Introduction

The olive tree ( Olea europaea L.) has cultural, economic, and environmental importance in the Mediterranean region. In the last two decades, olive cultivation has shifted from low-density to super high-density (SHD) planting systems. These systems are characterized by narrow hedgerows of low-vigor, early-bearing cultivars, allowing full mechanization. However, limited information are available on shoot growth dynamics of the olive tree under the SHD system. This study aimed to investigate the shoot growth dynamics of four olive cultivars (‘Arbequina’, ‘Coratina’, ‘Frantoio’, and ‘Urano’) by modeling the elongation of different shoot types (apical proleptic, lateral proleptic, sylleptic) under SHD conditions.

Methods

A four-year field study was conducted on four olive cultivars (‘Arbequina’, ‘Coratina’, ‘Frantoio’, and ‘Urano’) grown in an SHD orchard under Mediterranean climate. Apical proleptic, lateral proleptic, sylleptic, and adventitious shoots were monitored. Logistic regression was applied to model shoot elongation, and statistical analyses were conducted to assess the influence of cultivar, shoot type, and year. Moreover, the effect of crop load and temperature on shoot growth was also evaluated.

Results and Discussion

No significant difference was shown between the type of shoot and cultivar. Results indicate that single-phase logistic growth was the most common pattern, except for the lateral proleptic shoots of ‘Coratina’ and adventitious of ‘Urano’, where a second vegetative flush occurred.

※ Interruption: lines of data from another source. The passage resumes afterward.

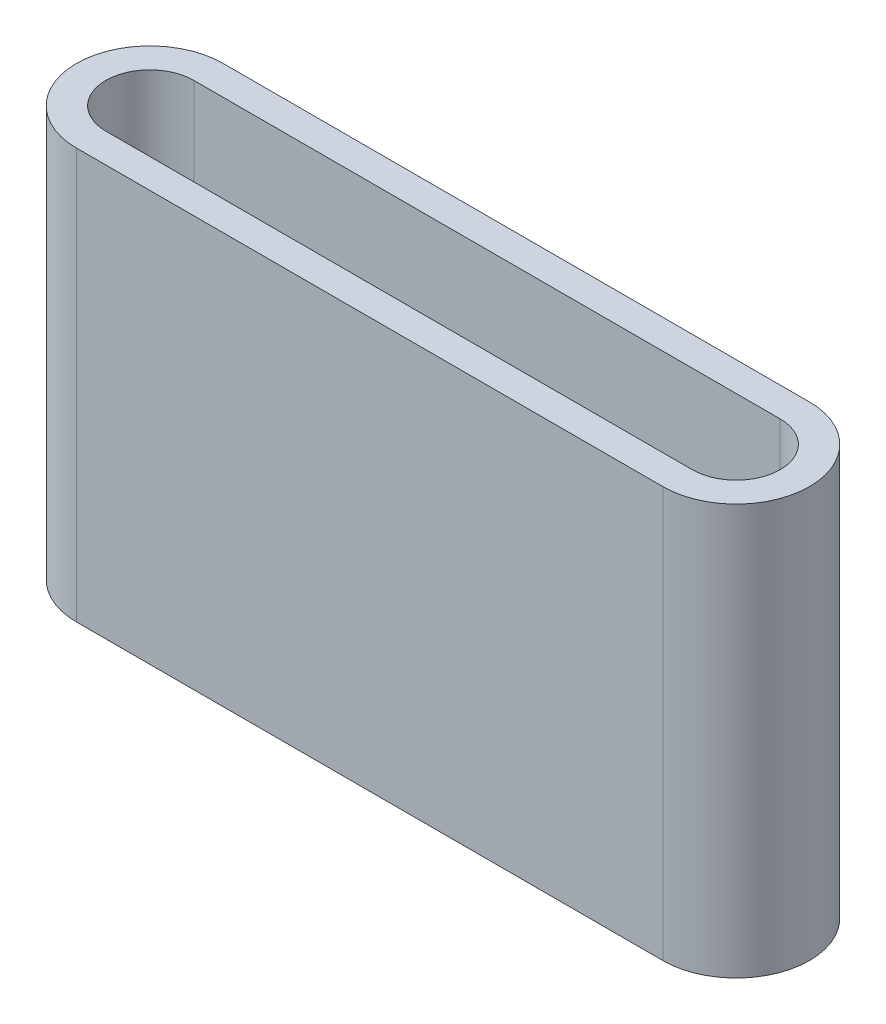
SolidWorks part; units mm, degrees
ref_plane "前视基准面" through (0, 0, 0) normal (0, 0, 1) x (1, 0, 0)
ref_plane "上视基准面" through (0, 0, 0) normal (0, 1, 0) x (1, 0, 0)
ref_plane "右视基准面" through (0, 0, 0) normal (1, 0, 0) x (0, 0, -1)
sketch "草图1" plane through (0, 0, 0) normal (0, 1, 0) x (1, 0, 0)
  line L0 (0, 0) -> (100, 0) construction
  line L1 (0, 12.5) -> (100, 12.5)
  line L2 (0, -12.5) -> (100, -12.5)
  arc A0 (0, 12.5) -> (0, -12.5) centre (0, 0) ccw
  arc A1 (100, -12.5) -> (100, 12.5) centre (100, 0) ccw
  point P3 (50, 0)
  dimension "D1" = 100
  dimension "D2" = 25
extrude "凸台-拉伸1" add sketch "草图1" along normal blind 20 and the other way blind 10
sketch "草图2" plane through (0, 20, 0) normal (0, 1, 0) x (1, 0, 0)
  line L2 (0, -12.5) -> (100, -12.5)
  line L3 (100, 12.5) -> (0, 12.5)
  line L4 (0, -12.5) -> (100, -12.5)
  line L5 (100, 12.5) -> (0, 12.5)
  arc A2 (0, 12.5) -> (0, -12.5) centre (0, 0) ccw
  arc A3 (100, -12.5) -> (100, 12.5) centre (100, 0) ccw
  arc A4 (0, 12.5) -> (0, -12.5) centre (0, 0) ccw
  arc A5 (100, -12.5) -> (100, 12.5) centre (100, 0) ccw
  dimension "D1" = 0
extrude "拉伸-薄壁1" add sketch "草图2" along normal blind 40 thin thin type one direction reverse wall 5

No correlation of Growing Degree Days with the shoot growth was observed. As confirmed in previous studies, crop load showed a negative influence on shoot elongation. Particularly for Arbequina’s adventitious shoots, Coratina’s and Frantio’s sylleptic shoots and Urano’s lateral proleptic, this trend was observed. This evidence showed the potential competition between the reproductive and vegetative cycle for assimilates. To our knowledge, this is the first report addressing the vegetative growth dynamics of four different shoot types of four distinct olive cultivars with different vigor in an SHD system. These findings are essential for optimizing cultivar-specific agricultural strategies (e.g. canopy management and irrigation) to achieve an optimal yield and sustainable cultivation. Future research will explore the vegetative growth dynamics, including other factors such as trunk diameter, Leaf Area Index, and water stress indices.